I’m trying to save the intermediate gradients of a graph as done in table 3 in Baydin et al.. I have custom modules where I’d like to know the gradients. To do this I registered a backward hook on these modules. The gradients of the leaf-nodes are correct, but the gradients I get from the hook aren’t.
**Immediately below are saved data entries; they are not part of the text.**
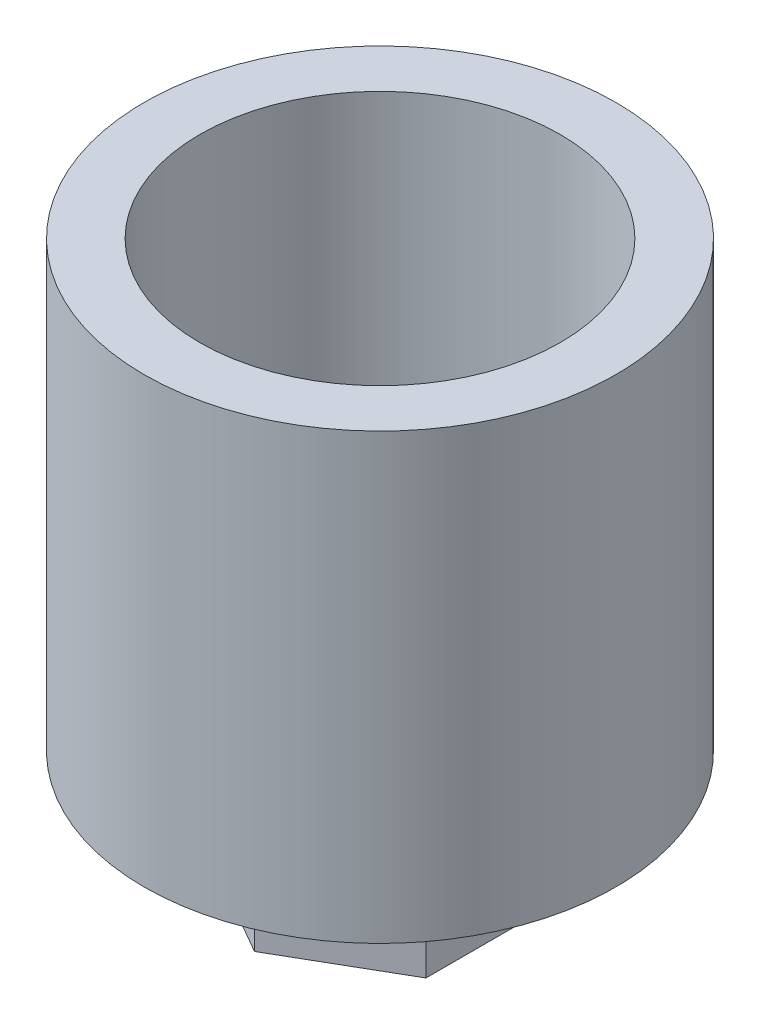
ISO-10303-21;
HEADER;
FILE_DESCRIPTION(('STEP AP214'),'2;1');
FILE_NAME('part.step','',(''),(''),'','','');
FILE_SCHEMA(('AUTOMOTIVE_DESIGN { 1 0 10303 214 1 1 1 1 }'));
ENDSEC;
DATA;
#1=APPLICATION_CONTEXT('core data for automotive mechanical design processes');
#2=APPLICATION_PROTOCOL_DEFINITION('international standard','automotive_design',2000,#1);
#3=PRODUCT_CONTEXT('',#1,'mechanical');
#4=PRODUCT('Part','Part','',(#3));
#5=PRODUCT_RELATED_PRODUCT_CATEGORY('part','',(#4));
#6=PRODUCT_DEFINITION_FORMATION('','',#4);
#7=PRODUCT_DEFINITION_CONTEXT('part definition',#1,'design');
#8=PRODUCT_DEFINITION('design','',#6,#7);
#9=PRODUCT_DEFINITION_SHAPE('','',#8);
#10=(LENGTH_UNIT() NAMED_UNIT(*) SI_UNIT(.MILLI.,.METRE.));
#11=(NAMED_UNIT(*) PLANE_ANGLE_UNIT() SI_UNIT($,.RADIAN.));
#12=(NAMED_UNIT(*) SI_UNIT($,.STERADIAN.) SOLID_ANGLE_UNIT());
#13=UNCERTAINTY_MEASURE_WITH_UNIT(LENGTH_MEASURE(1.E-05),#10,'distance_accuracy_value','');
#14=(GEOMETRIC_REPRESENTATION_CONTEXT(3) GLOBAL_UNCERTAINTY_ASSIGNED_CONTEXT((#13)) GLOBAL_UNIT_ASSIGNED_CONTEXT((#10,
#11,#12)) REPRESENTATION_CONTEXT('',''));
#15=CARTESIAN_POINT('',(0.,0.,0.));
#16=DIRECTION('',(0.,0.,1.));
#17=DIRECTION('',(1.,0.,0.));
#18=AXIS2_PLACEMENT_3D('',#15,#16,#17);
#19=CARTESIAN_POINT('',(0.,0.,0.));
#20=DIRECTION('',(0.,1.,0.));
#21=DIRECTION('',(0.,0.,1.));
#22=AXIS2_PLACEMENT_3D('',#19,#20,#21);
#23=PLANE('',#22);
#24=CARTESIAN_POINT('',(0.,0.,0.));
#25=DIRECTION('',(0.,1.,0.));
#26=DIRECTION('',(0.,0.,1.));
#27=AXIS2_PLACEMENT_3D('',#24,#25,#26);
#28=CIRCLE('',#27,13.5);
#29=CARTESIAN_POINT('',(0.,0.,13.5));
#30=VERTEX_POINT('',#29);
#31=EDGE_CURVE('E41',#30,#30,#28,.T.);
#32=ORIENTED_EDGE('',*,*,#31,.F.);
#33=EDGE_LOOP('',(#32));
#34=FACE_BOUND('',#33,.T.);
#35=DIRECTION('',(0.,0.,1.));
#36=VECTOR('',#35,1.);
#37=CARTESIAN_POINT('',(6.223,0.,-3.59285072516704));
#38=LINE('',#37,#36);
#39=CARTESIAN_POINT('',(6.223,0.,-3.59285072516704));
#40=VERTEX_POINT('',#39);
#41=CARTESIAN_POINT('',(6.223,0.,3.59285072516704));
#42=VERTEX_POINT('',#41);
#43=EDGE_CURVE('E52',#40,#42,#38,.T.);
#44=ORIENTED_EDGE('',*,*,#43,.F.);
#45=DIRECTION('',(0.866025403784439,0.,0.5));
#46=VECTOR('',#45,1.);
#47=CARTESIAN_POINT('',(0.,0.,-7.18570145033408));
#48=LINE('',#47,#46);
#49=CARTESIAN_POINT('',(0.,0.,-7.18570145033408));
#50=VERTEX_POINT('',#49);
#51=EDGE_CURVE('E56',#50,#40,#48,.T.);
#52=ORIENTED_EDGE('',*,*,#51,.F.);
#53=DIRECTION('',(0.866025403784439,0.,-0.5));
#54=VECTOR('',#53,1.);
#55=CARTESIAN_POINT('',(-6.223,0.,-3.59285072516704));
#56=LINE('',#55,#54);
#57=CARTESIAN_POINT('',(-6.223,0.,-3.59285072516704));
#58=VERTEX_POINT('',#57);
#59=EDGE_CURVE('E252',#58,#50,#56,.T.);
#60=ORIENTED_EDGE('',*,*,#59,.F.);
#61=DIRECTION('',(0.,0.,-1.));
#62=VECTOR('',#61,1.);
#63=CARTESIAN_POINT('',(-6.223,0.,3.59285072516704));
#64=LINE('',#63,#62);
#65=CARTESIAN_POINT('',(-6.223,0.,3.59285072516704));
#66=VERTEX_POINT('',#65);
#67=EDGE_CURVE('E267',#66,#58,#64,.T.);
#68=ORIENTED_EDGE('',*,*,#67,.F.);
#69=DIRECTION('',(-0.866025403784439,0.,-0.5));
#70=VECTOR('',#69,1.);
#71=CARTESIAN_POINT('',(0.,0.,7.18570145033408));
#72=LINE('',#71,#70);
#73=CARTESIAN_POINT('',(0.,0.,7.18570145033408));
#74=VERTEX_POINT('',#73);
#75=EDGE_CURVE('E270',#74,#66,#72,.T.);
#76=ORIENTED_EDGE('',*,*,#75,.F.);
#77=DIRECTION('',(-0.866025403784439,0.,0.5));
#78=VECTOR('',#77,1.);
#79=CARTESIAN_POINT('',(6.223,0.,3.59285072516704));
#80=LINE('',#79,#78);
#81=EDGE_CURVE('E271',#42,#74,#80,.T.);
#82=ORIENTED_EDGE('',*,*,#81,.F.);
#83=EDGE_LOOP('',(#44,#52,#60,#68,#76,#82));
#84=FACE_BOUND('',#83,.T.);
#85=ADVANCED_FACE('F37',(#34,#84),#23,.F.);
#86=CARTESIAN_POINT('',(0.,25.4,0.));
#87=DIRECTION('',(0.,-1.,0.));
#88=DIRECTION('',(0.,0.,-1.));
#89=AXIS2_PLACEMENT_3D('',#86,#87,#88);
#90=CYLINDRICAL_SURFACE('',#89,13.5);
#91=CARTESIAN_POINT('',(0.,25.4,0.));
#92=DIRECTION('',(0.,1.,0.));
#93=DIRECTION('',(0.,0.,1.));
#94=AXIS2_PLACEMENT_3D('',#91,#92,#93);
#95=CIRCLE('',#94,13.5);
#96=CARTESIAN_POINT('',(0.,25.4,13.5));
#97=VERTEX_POINT('',#96);
#98=EDGE_CURVE('E11',#97,#97,#95,.T.);
#99=ORIENTED_EDGE('',*,*,#98,.F.);
#100=EDGE_LOOP('',(#99));
#101=FACE_BOUND('',#100,.T.);
#102=ORIENTED_EDGE('',*,*,#31,.T.);
#103=EDGE_LOOP('',(#102));
#104=FACE_BOUND('',#103,.T.);
#105=ADVANCED_FACE('F39',(#101,#104),#90,.T.);
#106=CARTESIAN_POINT('',(0.,25.4,0.));
#107=DIRECTION('',(0.,1.,0.));
#108=DIRECTION('',(0.,0.,1.));
#109=AXIS2_PLACEMENT_3D('',#106,#107,#108);
#110=PLANE('',#109);
#111=CARTESIAN_POINT('',(0.,25.4,0.));
#112=DIRECTION('',(0.,1.,0.));
#113=DIRECTION('',(0.,0.,1.));
#114=AXIS2_PLACEMENT_3D('',#111,#112,#113);
#115=CIRCLE('',#114,10.31875);
#116=CARTESIAN_POINT('',(0.,25.4,10.31875));
#117=VERTEX_POINT('',#116);
#118=EDGE_CURVE('E113',#117,#117,#115,.T.);
#119=ORIENTED_EDGE('',*,*,#118,.F.);
#120=EDGE_LOOP('',(#119));
#121=FACE_BOUND('',#120,.T.);
#122=ORIENTED_EDGE('',*,*,#98,.T.);
#123=EDGE_LOOP('',(#122));
#124=FACE_BOUND('',#123,.T.);
#125=ADVANCED_FACE('F135',(#121,#124),#110,.T.);
#126=CARTESIAN_POINT('',(0.,6.35,0.));
#127=DIRECTION('',(0.,1.,0.));
#128=DIRECTION('',(0.,0.,1.));
#129=AXIS2_PLACEMENT_3D('',#126,#127,#128);
#130=CONICAL_SURFACE('',#129,10.31875,1.02974425867665);
#131=CARTESIAN_POINT('',(0.,0.14986948740936,0.));
#132=VERTEX_POINT('',#131);
#133=VERTEX_LOOP('',#132);
#134=FACE_BOUND('',#133,.T.);
#135=CARTESIAN_POINT('',(0.,6.35,0.));
#136=DIRECTION('',(0.,1.,0.));
#137=DIRECTION('',(0.,0.,1.));
#138=AXIS2_PLACEMENT_3D('',#135,#136,#137);
#139=CIRCLE('',#138,10.31875);
#140=CARTESIAN_POINT('',(0.,6.35,10.31875));
#141=VERTEX_POINT('',#140);
#142=EDGE_CURVE('E116',#141,#141,#139,.T.);
#143=ORIENTED_EDGE('',*,*,#142,.T.);
#144=EDGE_LOOP('',(#143));
#145=FACE_BOUND('',#144,.T.);
#146=ADVANCED_FACE('F140',(#134,#145),#130,.F.);
#147=CARTESIAN_POINT('',(0.,25.4,0.));
#148=DIRECTION('',(0.,1.,0.));
#149=DIRECTION('',(0.,0.,1.));
#150=AXIS2_PLACEMENT_3D('',#147,#148,#149);
#151=CYLINDRICAL_SURFACE('',#150,10.31875);
#152=ORIENTED_EDGE('',*,*,#142,.F.);
#153=EDGE_LOOP('',(#152));
#154=FACE_BOUND('',#153,.T.);
#155=ORIENTED_EDGE('',*,*,#118,.T.);
#156=EDGE_LOOP('',(#155));
#157=FACE_BOUND('',#156,.T.);
#158=ADVANCED_FACE('F144',(#154,#157),#151,.F.);
#159=CARTESIAN_POINT('',(6.223,-6.35,-3.59285072516704));
#160=DIRECTION('',(-1.,0.,0.));
#161=DIRECTION('',(0.,0.,1.));
#162=AXIS2_PLACEMENT_3D('',#159,#160,#161);
#163=PLANE('',#162);
#164=ORIENTED_EDGE('',*,*,#43,.T.);
#165=DIRECTION('',(0.,1.,0.));
#166=VECTOR('',#165,1.);
#167=CARTESIAN_POINT('',(6.223,-6.35,3.59285072516704));
#168=LINE('',#167,#166);
#169=CARTESIAN_POINT('',(6.223,-6.35,3.59285072516704));
#170=VERTEX_POINT('',#169);
#171=EDGE_CURVE('E96',#170,#42,#168,.T.);
#172=ORIENTED_EDGE('',*,*,#171,.F.);
#173=DIRECTION('',(0.,0.,1.));
#174=VECTOR('',#173,1.);
#175=CARTESIAN_POINT('',(6.223,-6.35,-3.59285072516704));
#176=LINE('',#175,#174);
#177=CARTESIAN_POINT('',(6.223,-6.35,-3.59285072516704));
#178=VERTEX_POINT('',#177);
#179=EDGE_CURVE('E102',#178,#170,#176,.T.);
#180=ORIENTED_EDGE('',*,*,#179,.F.);
#181=DIRECTION('',(0.,1.,0.));
#182=VECTOR('',#181,1.);
#183=CARTESIAN_POINT('',(6.223,-6.35,-3.59285072516704));
#184=LINE('',#183,#182);
#185=EDGE_CURVE('E249',#178,#40,#184,.T.);
#186=ORIENTED_EDGE('',*,*,#185,.T.);
#187=EDGE_LOOP('',(#164,#172,#180,#186));
#188=FACE_BOUND('',#187,.T.);
#189=ADVANCED_FACE('F112',(#188),#163,.F.);
#190=CARTESIAN_POINT('',(6.223,-6.35,3.59285072516704));
#191=DIRECTION('',(-0.5,0.,-0.866025403784439));
#192=DIRECTION('',(-0.866025403784439,0.,0.5));
#193=AXIS2_PLACEMENT_3D('',#190,#191,#192);
#194=PLANE('',#193);
#195=ORIENTED_EDGE('',*,*,#81,.T.);
#196=DIRECTION('',(0.,1.,0.));
#197=VECTOR('',#196,1.);
#198=CARTESIAN_POINT('',(0.,-6.35,7.18570145033408));
#199=LINE('',#198,#197);
#200=CARTESIAN_POINT('',(0.,-6.35,7.18570145033408));
#201=VERTEX_POINT('',#200);
#202=EDGE_CURVE('E98',#201,#74,#199,.T.);
#203=ORIENTED_EDGE('',*,*,#202,.F.);
#204=DIRECTION('',(-0.866025403784439,0.,0.5));
#205=VECTOR('',#204,1.);
#206=CARTESIAN_POINT('',(6.223,-6.35,3.59285072516704));
#207=LINE('',#206,#205);
#208=EDGE_CURVE('E91',#170,#201,#207,.T.);
#209=ORIENTED_EDGE('',*,*,#208,.F.);
#210=ORIENTED_EDGE('',*,*,#171,.T.);
#211=EDGE_LOOP('',(#195,#203,#209,#210));
#212=FACE_BOUND('',#211,.T.);
#213=ADVANCED_FACE('F94',(#212),#194,.F.);
#214=CARTESIAN_POINT('',(0.,-6.35,7.18570145033408));
#215=DIRECTION('',(0.5,0.,-0.866025403784439));
#216=DIRECTION('',(-0.866025403784439,0.,-0.5));
#217=AXIS2_PLACEMENT_3D('',#214,#215,#216);
#218=PLANE('',#217);
#219=ORIENTED_EDGE('',*,*,#75,.T.);
#220=DIRECTION('',(0.,1.,0.));
#221=VECTOR('',#220,1.);
#222=CARTESIAN_POINT('',(-6.223,-6.35,3.59285072516704));
#223=LINE('',#222,#221);
#224=CARTESIAN_POINT('',(-6.223,-6.35,3.59285072516704));
#225=VERTEX_POINT('',#224);
#226=EDGE_CURVE('E118',#225,#66,#223,.T.);
#227=ORIENTED_EDGE('',*,*,#226,.F.);
#228=DIRECTION('',(-0.866025403784439,0.,-0.5));
#229=VECTOR('',#228,1.);
#230=CARTESIAN_POINT('',(0.,-6.35,7.18570145033408));
#231=LINE('',#230,#229);
#232=EDGE_CURVE('E101',#201,#225,#231,.T.);
#233=ORIENTED_EDGE('',*,*,#232,.F.);
#234=ORIENTED_EDGE('',*,*,#202,.T.);
#235=EDGE_LOOP('',(#219,#227,#233,#234));
#236=FACE_BOUND('',#235,.T.);
#237=ADVANCED_FACE('F153',(#236),#218,.F.);
#238=CARTESIAN_POINT('',(-6.223,-6.35,3.59285072516704));
#239=DIRECTION('',(1.,0.,0.));
#240=DIRECTION('',(0.,0.,-1.));
#241=AXIS2_PLACEMENT_3D('',#238,#239,#240);
#242=PLANE('',#241);
#243=ORIENTED_EDGE('',*,*,#67,.T.);
#244=DIRECTION('',(0.,1.,0.));
#245=VECTOR('',#244,1.);
#246=CARTESIAN_POINT('',(-6.223,-6.35,-3.59285072516704));
#247=LINE('',#246,#245);
#248=CARTESIAN_POINT('',(-6.223,-6.35,-3.59285072516704));
#249=VERTEX_POINT('',#248);
#250=EDGE_CURVE('E255',#249,#58,#247,.T.);
#251=ORIENTED_EDGE('',*,*,#250,.F.);
#252=DIRECTION('',(0.,0.,-1.));
#253=VECTOR('',#252,1.);
#254=CARTESIAN_POINT('',(-6.223,-6.35,3.59285072516704));
#255=LINE('',#254,#253);
#256=EDGE_CURVE('E268',#225,#249,#255,.T.);
#257=ORIENTED_EDGE('',*,*,#256,.F.);
#258=ORIENTED_EDGE('',*,*,#226,.T.);
#259=EDGE_LOOP('',(#243,#251,#257,#258));
#260=FACE_BOUND('',#259,.T.);
#261=ADVANCED_FACE('F156',(#260),#242,.F.);
#262=CARTESIAN_POINT('',(-6.223,-6.35,-3.59285072516704));
#263=DIRECTION('',(0.5,0.,0.866025403784439));
#264=DIRECTION('',(0.866025403784439,0.,-0.5));
#265=AXIS2_PLACEMENT_3D('',#262,#263,#264);
#266=PLANE('',#265);
#267=ORIENTED_EDGE('',*,*,#59,.T.);
#268=DIRECTION('',(0.,1.,0.));
#269=VECTOR('',#268,1.);
#270=CARTESIAN_POINT('',(0.,-6.35,-7.18570145033408));
#271=LINE('',#270,#269);
#272=CARTESIAN_POINT('',(0.,-6.35,-7.18570145033408));
#273=VERTEX_POINT('',#272);
#274=EDGE_CURVE('E251',#273,#50,#271,.T.);
#275=ORIENTED_EDGE('',*,*,#274,.F.);
#276=DIRECTION('',(0.866025403784439,0.,-0.5));
#277=VECTOR('',#276,1.);
#278=CARTESIAN_POINT('',(-6.223,-6.35,-3.59285072516704));
#279=LINE('',#278,#277);
#280=EDGE_CURVE('E257',#249,#273,#279,.T.);
#281=ORIENTED_EDGE('',*,*,#280,.F.);
#282=ORIENTED_EDGE('',*,*,#250,.T.);
#283=EDGE_LOOP('',(#267,#275,#281,#282));
#284=FACE_BOUND('',#283,.T.);
#285=ADVANCED_FACE('F160',(#284),#266,.F.);
#286=CARTESIAN_POINT('',(0.,-6.35,-7.18570145033408));
#287=DIRECTION('',(-0.5,0.,0.866025403784439));
#288=DIRECTION('',(0.866025403784439,0.,0.5));
#289=AXIS2_PLACEMENT_3D('',#286,#287,#288);
#290=PLANE('',#289);
#291=ORIENTED_EDGE('',*,*,#51,.T.);
#292=ORIENTED_EDGE('',*,*,#185,.F.);
#293=DIRECTION('',(0.866025403784439,0.,0.5));
#294=VECTOR('',#293,1.);
#295=CARTESIAN_POINT('',(0.,-6.35,-7.18570145033408));
#296=LINE('',#295,#294);
#297=EDGE_CURVE('E107',#273,#178,#296,.T.);
#298=ORIENTED_EDGE('',*,*,#297,.F.);
#299=ORIENTED_EDGE('',*,*,#274,.T.);
#300=EDGE_LOOP('',(#291,#292,#298,#299));
#301=FACE_BOUND('',#300,.T.);
#302=ADVANCED_FACE('F164',(#301),#290,.F.);
#303=CARTESIAN_POINT('',(0.,-6.35,0.));
#304=DIRECTION('',(0.,-1.,0.));
#305=DIRECTION('',(0.,0.,-1.));
#306=AXIS2_PLACEMENT_3D('',#303,#304,#305);
#307=PLANE('',#306);
#308=ORIENTED_EDGE('',*,*,#179,.T.);
#309=ORIENTED_EDGE('',*,*,#208,.T.);
#310=ORIENTED_EDGE('',*,*,#232,.T.);
#311=ORIENTED_EDGE('',*,*,#256,.T.);
#312=ORIENTED_EDGE('',*,*,#280,.T.);
#313=ORIENTED_EDGE('',*,*,#297,.T.);
#314=EDGE_LOOP('',(#308,#309,#310,#311,#312,#313));
#315=FACE_BOUND('',#314,.T.);
#316=ADVANCED_FACE('F105',(#315),#307,.T.);
#317=CLOSED_SHELL('',(#85,#105,#125,#146,#158,#189,#213,#237,#261,#285,#302,#316));
#318=MANIFOLD_SOLID_BREP('B2',#317);
#319=ADVANCED_BREP_SHAPE_REPRESENTATION('',(#18,#318),#14);
#320=SHAPE_DEFINITION_REPRESENTATION(#9,#319);
ENDSEC;
END-ISO-10303-21;

How do I get the gradients that flow through operators?

Here’s what I have now:

import torch
import torch.nn as nn

class Node(nn.Module):
    def __init__(self):
        super(Node, self).__init__()
        self.children = []
        self.name = 0
    
    def forward(self, x):
        pass
    
    def get_subtree(self):
        subtree = []
        self._get_subtree_recursive(subtree)
        return subtree
    
    def _get_subtree_recursive(self, subtree):
        subtree.append(self)
        for c in self.children:
            c._get_subtree_recursive(subtree)

class Plus(Node):
    def __init__(self, child0, child1):
        super(Plus, self).__init__()
        self.children = [child0, child1]
        self.name = "Plus"
    
    def forward(self, x):
        c_outputs = [c(x) for c in self.children]
        return c_outputs[0] + c_outputs[1]

class Minus(Node):
    def __init__(self, child0, child1):
        super(Minus, self).__init__()
        self.children = [child0, child1]
        self.name = "Minus"
    
    def forward(self, x):
        c_outputs = [c(x) for c in self.children]
        return c_outputs[0] - c_outputs[1]

class Sin(Node):
    def __init__(self, child0):
        super(Sin, self).__init__()
        self.children = [child0]
        self.name = "Sin"
    
    def forward(self, x):
        c_outputs = [c(x) for c in self.children]
        return torch.sin(c_outputs[0])
    
class Ln(Node):
    def __init__(self, child0):
        super(Ln, self).__init__()
        self.children = [child0]
        self.name = "Ln"
    
    def forward(self, x):
        c_outputs = [c(x) for c in self.children]
        return torch.log(c_outputs[0])

class Multiply(Node):
    def __init__(self, child0, child1):
        super(Multiply, self).__init__()
        self.children = [child0, child1]
        self.name = "Multiply"
    
    def forward(self, x):
        c_outputs = [c(x) for c in self.children]
        return c_outputs[0] * c_outputs[1]

class Const(Node):
    def __init__(self, value):
        super(Const, self).__init__()
        self.value = nn.Parameter(torch.tensor([value], requires_grad=True))
        self.name = "Const({0:.3f})".format(self.value.item())
    
    def forward(self, x):
        return self.value.repeat(x.size(0),1)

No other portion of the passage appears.